Top of Provided records

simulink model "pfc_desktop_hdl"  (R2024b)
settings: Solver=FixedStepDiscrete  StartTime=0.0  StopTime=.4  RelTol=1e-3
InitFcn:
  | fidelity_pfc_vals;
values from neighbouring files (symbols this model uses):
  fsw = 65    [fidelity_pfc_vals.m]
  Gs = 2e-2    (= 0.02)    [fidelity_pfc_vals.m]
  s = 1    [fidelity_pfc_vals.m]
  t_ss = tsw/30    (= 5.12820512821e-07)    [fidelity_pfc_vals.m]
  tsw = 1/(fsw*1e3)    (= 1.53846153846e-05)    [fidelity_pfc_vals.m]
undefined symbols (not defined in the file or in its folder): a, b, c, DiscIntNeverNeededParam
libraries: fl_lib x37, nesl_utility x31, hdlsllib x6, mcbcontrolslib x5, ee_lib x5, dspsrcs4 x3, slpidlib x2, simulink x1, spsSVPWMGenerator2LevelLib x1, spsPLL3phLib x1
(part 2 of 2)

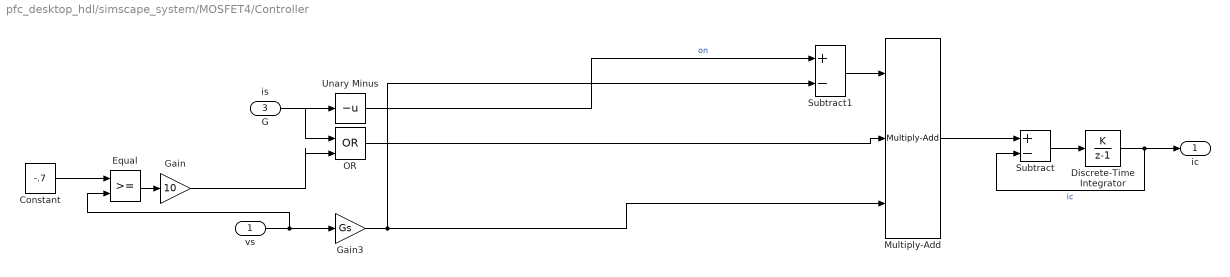
== system pfc_desktop_hdl/simscape_system/MOSFET4/Controller ==
  vs : Inport
  is : Inport  Port=2
  G : Inport  Port=3
  Constant : Constant  Value=-.7  SampleTime=-1
  Discrete-Time Integrator : DiscreteIntegrator  IntegratorMethod=Accumulation: Forward Euler  gainval=1/s  SampleTime=-1  OutDataTypeStr=Inherit: Inherit via back propagation  ICPrevOutput=DiscIntNeverNeededParam  ICPrevScaledInput=DiscIntNeverNeededParam
  Equal : RelationalOperator  OutDataTypeStr=boolean  RndMeth=Simplest  InputSameDT=off
  Gain : Gain  Gain=10
  Gain3 : Gain  Gain=Gs  OutDataTypeStr=Inherit: Inherit via back propagation
  Multiply-Add : hdlsllib/HDL Operations/Multiply-Add  Function=c+(a.*b)  datatype=Inherit: Inherit via internal rule  DoSatur=off  FMA=off
  OR : Logic  Operator=OR  IconShape=distinctive  AllPortsSameDT=off  OutDataTypeStr=boolean
  Subtract : Sum  Inputs=+-
  Subtract1 : Sum  Inputs=+-
  Unary Minus : UnaryMinus
  ic : Outport
  wires:
  OR/1 -> Multiply-Add/2
  Subtract1/1 -> Multiply-Add/1
  Gain3/1 -> Multiply-Add/3, Subtract1/2
  Constant/1 -> Equal/1
  Gain/1 -> OR/2
  Equal/1 -> Gain/1
  vs/1 -> Gain3/1, Equal/2
  Subtract/1 -> Discrete-Time Integrator/1
  Discrete-Time Integrator/1 -> Subtract/2, ic/1  "ic"
  is/1 -> Unary Minus/1
  Unary Minus/1 -> Subtract1/1  "on"
  G/1 -> OR/1
  Multiply-Add/1 -> Subtract/1

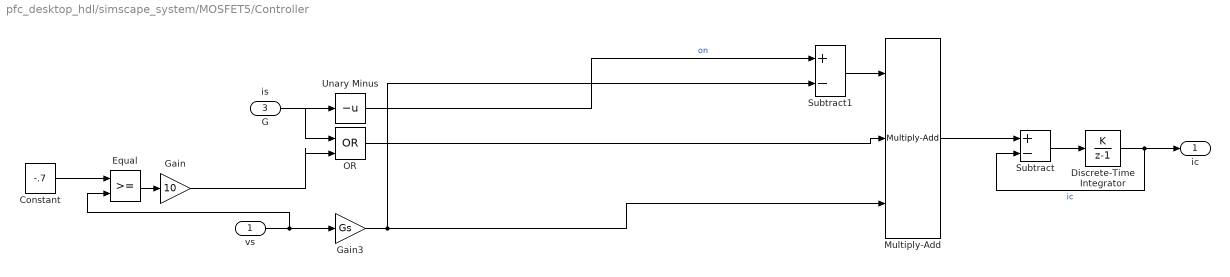
== system pfc_desktop_hdl/simscape_system/MOSFET5/Controller ==
  vs : Inport
  is : Inport  Port=2
  G : Inport  Port=3
  Constant : Constant  Value=-.7  SampleTime=-1
  Discrete-Time Integrator : DiscreteIntegrator  IntegratorMethod=Accumulation: Forward Euler  gainval=1/s  SampleTime=-1  OutDataTypeStr=Inherit: Inherit via back propagation  ICPrevOutput=DiscIntNeverNeededParam  ICPrevScaledInput=DiscIntNeverNeededParam
  Equal : RelationalOperator  OutDataTypeStr=boolean  RndMeth=Simplest  InputSameDT=off
  Gain : Gain  Gain=10
  Gain3 : Gain  Gain=Gs  OutDataTypeStr=Inherit: Inherit via back propagation
  Multiply-Add : hdlsllib/HDL Operations/Multiply-Add  Function=c+(a.*b)  datatype=Inherit: Inherit via internal rule  DoSatur=off  FMA=off
  OR : Logic  Operator=OR  IconShape=distinctive  AllPortsSameDT=off  OutDataTypeStr=boolean
  Subtract : Sum  Inputs=+-
  Subtract1 : Sum  Inputs=+-
  Unary Minus : UnaryMinus
  ic : Outport
  wires:
  Multiply-Add/1 -> Subtract/1
  G/1 -> OR/1
  Unary Minus/1 -> Subtract1/1  "on"
  is/1 -> Unary Minus/1
  Discrete-Time Integrator/1 -> ic/1, Subtract/2  "ic"
  Subtract/1 -> Discrete-Time Integrator/1
  vs/1 -> Equal/2, Gain3/1
  Equal/1 -> Gain/1
  Gain/1 -> OR/2
  Constant/1 -> Equal/1
  Gain3/1 -> Subtract1/2, Multiply-Add/3
  Subtract1/1 -> Multiply-Add/1
  OR/1 -> Multiply-Add/2

== system pfc_desktop_hdl/Subsystem1/ctrl_pwm/transforms/Claro-Parl Transform ==
  a : Inport
  b : Inport  Port=2
  wt : Inport  Port=3
  Clarke Transform : mcbcontrolslib/Clarke Transform  VariantControl=Variant2  PhaseInput=Two inputs  EnPowerInv=off
  Cos : Trigonometry  Operator=cos
  Park Transform : mcbcontrolslib/Park Transform  PhaseInput=Two inputs  AxisAlignment=D-axis  ThetaInput=Sine and Cosine electrical position  AngleInput=Per-unit  N_points=1024
  Sin : Trigonometry
  d : Outport
  q : Outport  Port=2
  wires:
  Clarke Transform/2 -> Park Transform/2  "Vbet_sourc"
  b/1 -> Clarke Transform/2
  Park Transform/2 -> q/1
  Park Transform/1 -> d/1
  Clarke Transform/1 -> Park Transform/1  "Valp_sourc"
  wt/1 -> Cos/1, Sin/1
  a/1 -> Clarke Transform/1
  Sin/1 -> Park Transform/3
  Cos/1 -> Park Transform/4

== system pfc_desktop_hdl/Subsystem1/ctrl_pwm/transforms/Claro-Parl Transform1 ==
  a : Inport
  b : Inport  Port=2
  wt : Inport  Port=3
  Clarke Transform : mcbcontrolslib/Clarke Transform  VariantControl=Variant2  PhaseInput=Two inputs  EnPowerInv=off
  Cos : Trigonometry  Operator=cos
  Park Transform : mcbcontrolslib/Park Transform  PhaseInput=Two inputs  AxisAlignment=D-axis  ThetaInput=Sine and Cosine electrical position  AngleInput=Per-unit  N_points=1024
  Sin : Trigonometry
  d : Outport
  q : Outport  Port=2
  wires:
  Clarke Transform/2 -> Park Transform/2  "Ibet_sourc"
  b/1 -> Clarke Transform/2
  Park Transform/2 -> q/1
  Park Transform/1 -> d/1
  Clarke Transform/1 -> Park Transform/1  "Ialp_sourc"
  wt/1 -> Cos/1, Sin/1
  a/1 -> Clarke Transform/1
  Sin/1 -> Park Transform/3
  Cos/1 -> Park Transform/4

Bottom of Provided records

(Task goal):
Each record must be quoted in full and exactly. Do not include the pictures.

(Written answer):
simulink model "pfc_desktop_hdl"  (R2024b)
settings: Solver=FixedStepDiscrete  StartTime=0.0  StopTime=.4  RelTol=1e-3
InitFcn:
  | fidelity_pfc_vals;
values from neighbouring files (symbols this model uses):
  fsw = 65    [fidelity_pfc_vals.m]
  Gs = 2e-2    (= 0.02)    [fidelity_pfc_vals.m]
  s = 1    [fidelity_pfc_vals.m]
  t_ss = tsw/30    (= 5.12820512821e-07)    [fidelity_pfc_vals.m]
  tsw = 1/(fsw*1e3)    (= 1.53846153846e-05)    [fidelity_pfc_vals.m]
undefined symbols (not defined in the file or in its folder): a, b, c, DiscIntNeverNeededParam
libraries: fl_lib x37, nesl_utility x31, hdlsllib x6, mcbcontrolslib x5, ee_lib x5, dspsrcs4 x3, slpidlib x2, simulink x1, spsSVPWMGenerator2LevelLib x1, spsPLL3phLib x1
(part 2 of 2)

== system pfc_desktop_hdl/simscape_system/MOSFET4/Controller ==
  vs : Inport
  is : Inport  Port=2
  G : Inport  Port=3
  Constant : Constant  Value=-.7  SampleTime=-1
  Discrete-Time Integrator : DiscreteIntegrator  IntegratorMethod=Accumulation: Forward Euler  gainval=1/s  SampleTime=-1  OutDataTypeStr=Inherit: Inherit via back propagation  ICPrevOutput=DiscIntNeverNeededParam  ICPrevScaledInput=DiscIntNeverNeededParam
  Equal : RelationalOperator  OutDataTypeStr=boolean  RndMeth=Simplest  InputSameDT=off
  Gain : Gain  Gain=10
  Gain3 : Gain  Gain=Gs  OutDataTypeStr=Inherit: Inherit via back propagation
  Multiply-Add : hdlsllib/HDL Operations/Multiply-Add  Function=c+(a.*b)  datatype=Inherit: Inherit via internal rule  DoSatur=off  FMA=off
  OR : Logic  Operator=OR  IconShape=distinctive  AllPortsSameDT=off  OutDataTypeStr=boolean
  Subtract : Sum  Inputs=+-
  Subtract1 : Sum  Inputs=+-
  Unary Minus : UnaryMinus
  ic : Outport
  wires:
  OR/1 -> Multiply-Add/2
  Subtract1/1 -> Multiply-Add/1
  Gain3/1 -> Multiply-Add/3, Subtract1/2
  Constant/1 -> Equal/1
  Gain/1 -> OR/2
  Equal/1 -> Gain/1
  vs/1 -> Gain3/1, Equal/2
  Subtract/1 -> Discrete-Time Integrator/1
  Discrete-Time Integrator/1 -> Subtract/2, ic/1  "ic"
  is/1 -> Unary Minus/1
  Unary Minus/1 -> Subtract1/1  "on"
  G/1 -> OR/1
  Multiply-Add/1 -> Subtract/1

== system pfc_desktop_hdl/simscape_system/MOSFET5/Controller ==
  vs : Inport
  is : Inport  Port=2
  G : Inport  Port=3
  Constant : Constant  Value=-.7  SampleTime=-1
  Discrete-Time Integrator : DiscreteIntegrator  IntegratorMethod=Accumulation: Forward Euler  gainval=1/s  SampleTime=-1  OutDataTypeStr=Inherit: Inherit via back propagation  ICPrevOutput=DiscIntNeverNeededParam  ICPrevScaledInput=DiscIntNeverNeededParam
  Equal : RelationalOperator  OutDataTypeStr=boolean  RndMeth=Simplest  InputSameDT=off
  Gain : Gain  Gain=10
  Gain3 : Gain  Gain=Gs  OutDataTypeStr=Inherit: Inherit via back propagation
  Multiply-Add : hdlsllib/HDL Operations/Multiply-Add  Function=c+(a.*b)  datatype=Inherit: Inherit via internal rule  DoSatur=off  FMA=off
  OR : Logic  Operator=OR  IconShape=distinctive  AllPortsSameDT=off  OutDataTypeStr=boolean
  Subtract : Sum  Inputs=+-
  Subtract1 : Sum  Inputs=+-
  Unary Minus : UnaryMinus
  ic : Outport
  wires:
  Multiply-Add/1 -> Subtract/1
  G/1 -> OR/1
  Unary Minus/1 -> Subtract1/1  "on"
  is/1 -> Unary Minus/1
  Discrete-Time Integrator/1 -> ic/1, Subtract/2  "ic"
  Subtract/1 -> Discrete-Time Integrator/1
  vs/1 -> Equal/2, Gain3/1
  Equal/1 -> Gain/1
  Gain/1 -> OR/2
  Constant/1 -> Equal/1
  Gain3/1 -> Subtract1/2, Multiply-Add/3
  Subtract1/1 -> Multiply-Add/1
  OR/1 -> Multiply-Add/2

== system pfc_desktop_hdl/Subsystem1/ctrl_pwm/transforms/Claro-Parl Transform ==
  a : Inport
  b : Inport  Port=2
  wt : Inport  Port=3
  Clarke Transform : mcbcontrolslib/Clarke Transform  VariantControl=Variant2  PhaseInput=Two inputs  EnPowerInv=off
  Cos : Trigonometry  Operator=cos
  Park Transform : mcbcontrolslib/Park Transform  PhaseInput=Two inputs  AxisAlignment=D-axis  ThetaInput=Sine and Cosine electrical position  AngleInput=Per-unit  N_points=1024
  Sin : Trigonometry
  d : Outport
  q : Outport  Port=2
  wires:
  Clarke Transform/2 -> Park Transform/2  "Vbet_sourc"
  b/1 -> Clarke Transform/2
  Park Transform/2 -> q/1
  Park Transform/1 -> d/1
  Clarke Transform/1 -> Park Transform/1  "Valp_sourc"
  wt/1 -> Cos/1, Sin/1
  a/1 -> Clarke Transform/1
  Sin/1 -> Park Transform/3
  Cos/1 -> Park Transform/4

== system pfc_desktop_hdl/Subsystem1/ctrl_pwm/transforms/Claro-Parl Transform1 ==
  a : Inport
  b : Inport  Port=2
  wt : Inport  Port=3
  Clarke Transform : mcbcontrolslib/Clarke Transform  VariantControl=Variant2  PhaseInput=Two inputs  EnPowerInv=off
  Cos : Trigonometry  Operator=cos
  Park Transform : mcbcontrolslib/Park Transform  PhaseInput=Two inputs  AxisAlignment=D-axis  ThetaInput=Sine and Cosine electrical position  AngleInput=Per-unit  N_points=1024
  Sin : Trigonometry
  d : Outport
  q : Outport  Port=2
  wires:
  Clarke Transform/2 -> Park Transform/2  "Ibet_sourc"
  b/1 -> Clarke Transform/2
  Park Transform/2 -> q/1
  Park Transform/1 -> d/1
  Clarke Transform/1 -> Park Transform/1  "Ialp_sourc"
  wt/1 -> Cos/1, Sin/1
  a/1 -> Clarke Transform/1
  Sin/1 -> Park Transform/3
  Cos/1 -> Park Transform/4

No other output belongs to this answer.